No artigo anterior dizíamos que a gestualidade de Jesus revela sua personalidade espiritual e que a Liturgia é, sobretudo, a continuação no tempo da Igreja desta mesma gestualidade. Leo de Simone, em sua obra “Liturgia segundo Jesus” desenvolve esta noção ao refletir que o complexo ritual cristão se firma no modus operandi de Jesus. Mas não apenas no sentido de ser uma referência teórica ao conteúdo do rito, àquilo que ele mistericamente comunica. Também a forma, a estrutura, o tecido ritual em si mesmo, necessita receber da gestualidade de Jesus – permanentemente – a chancela. Vejamos por exemplo a entrega sacrifical de Jesus que a Igreja celebra na Eucaristia.
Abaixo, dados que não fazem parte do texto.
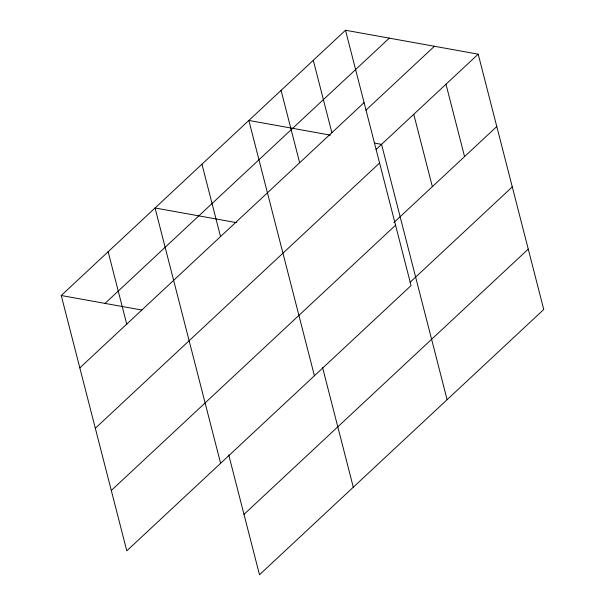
<?xml version="1.0" encoding="UTF-8"?>
<svg xmlns="http://www.w3.org/2000/svg" width="605" height="605" viewBox="0 0 605 605"><rect width="100%" height="100%" fill="white"/><g stroke="black" fill="none" stroke-linecap="round" stroke-linejoin="round"><path stroke-width="0.91" d="M345.508 30.25L411.067 285.575L126.8 550.837L61.241 295.512L345.508 30.25L478.2 54.163L543.759 309.488L259.492 574.75L228.728 454.915M105.028 303.4L389.295 38.138M79.822 367.885L364.089 102.623M365.866 110.239L434.413 46.275M376.03 149.503L478.2 54.163M95.325 428.257L379.592 162.995M393.923 222.519L496.781 126.536M111.297 490.466L395.564 225.204M410.114 282.248L512.284 186.907M243.989 514.379L528.256 249.116M330.398 135.134L248.859 120.44L314.411 375.765M374.253 143.037L381.551 144.353L447.11 399.678M236.585 222.67L155.046 207.976L220.606 463.301M61.241 295.512L141.857 310.04M445.983 84.224L464.564 156.597M413.767 114.292L432.348 186.658M313.292 60.311L331.873 132.684M281.075 90.379L299.656 162.745M322.533 367.379L353.297 487.214M201.957 164.205L220.538 236.578M108.144 251.74L126.725 324.114"/></g></svg>

Para ser fiel à gestualidade de Jesus é preciso que se coadune a dinâmica sacrifical à dimensão da comensalidade, do Banquete, pois foi assim que a Eucaristia nasceu, como fração do pão. O edifício ritual desta celebração, portanto, deverá resguardar esta forma. Não se poderia, jamais, ser fiel ao mandato de Jesus, se celebrássemos seu sacrifício segundo os cânones gestuais do Templo de Jerusalém, por exemplo; ainda que permanecesse toda referência oral (a palavra) à experiência pascal de Jesus mediante os textos escriturísticos e eucológicos. Seria uma contradição o que geraria uma espécie de esquizofrenia ritual e consequentemente espiritual.
Por esta ótica, os ritos só têm sentido se permanecerem como possibilidade concreta para que os fiéis encontrem o nexo plausível entre o Cristo e a Comunidade a que pertencem (a Igreja), percebendo-a como verdadeiro corpo do Senhor, pelo qual Ele (Cristo) continua a trabalhar no mundo, servindo a seu Pai. Afinal, não se pode esquecer que os dois sacramentos fontais da vida cristã – Batismo e Eucaristia – não são outra coisa senão a transformação dos homens e mulheres no Corpo do Senhor. O Batismo nos configura a Cristo, nele nos insere como membros vivos. Utilizando a mesma designação do Ritual de Iniciação Cristã de Adultos, “o Batismo nos incorpora a Cristo, tornando-nos membros do povo de Deus”1. A Eucaristia, por sua vez, mantém este acontecimento vivo, fazendo de nós “Um só corpo e um só espírito”. É fato que, com o passar do tempo, os ritos foram tornando-se incompreensíveis nesta relação como acontecimento pascal. Por essa razão a Sacrosanctum Concilium resgistra a necessidade de que “os ritos manifestem uma nobre simplicidade, sejam claros na brevidade e evitem repetições inúteis; sejam adaptados à capacidade dos fiéis, sem precisarem em geral, de muitas explicações.”2
A reforma litúrgica oriunda do Concílio Vaticano II buscou implementar na Igreja um processo mediante o qual os fiéis pudessem participar ativamente da celebração do Mistério Pascal de Jesus. O escopo desta reforma era permitir, de modo mais abundante e consciente, o acesso corporal dos fiéis aos ritos. Ainda colhemos nos dias de hoje a compreensão e experiência de uma liturgia pobre no que se refere à gestualidade da assembleia. Basicamente, hoje, senta-se, levanta-se e ajoelha-se (às vezes indistintamente!). Os gestos tornaram-se meramente funcionais e perderam – em grande parte – o sentido ministerial de transportar-nos ou conectar-nos com a gestualidade de Jesus e por esta conexão exercitamo-nos como membros de seu Corpo Crucificado-Ressuscitado. Evidentemente que o tema dos espaços para celebrar é candente nesta discussão, o que poderemos conversar a respeito mais à frente. Mas basta, por enquanto, refletirmos o quanto o corpo a Igreja permanece imóvel durante o culto. Neste sentido, é suficiente identificar a questão da orientação litúrgica (disposição do espaço) que, na maioria das vezes, nos faz olhar voltar o corpo para o mesmo lugar, do início ao fim da celebração.
Pe. Márcio Pimentel
Liturgista
1RICA, 2.2Constituição Conciliar sobre a Sagrada Liturgia Sacrosanctum Concilium, n. 34.
2Constituição Conciliar sobre a Sagrada Liturgia Sacrosanctum Concilium, n. 34.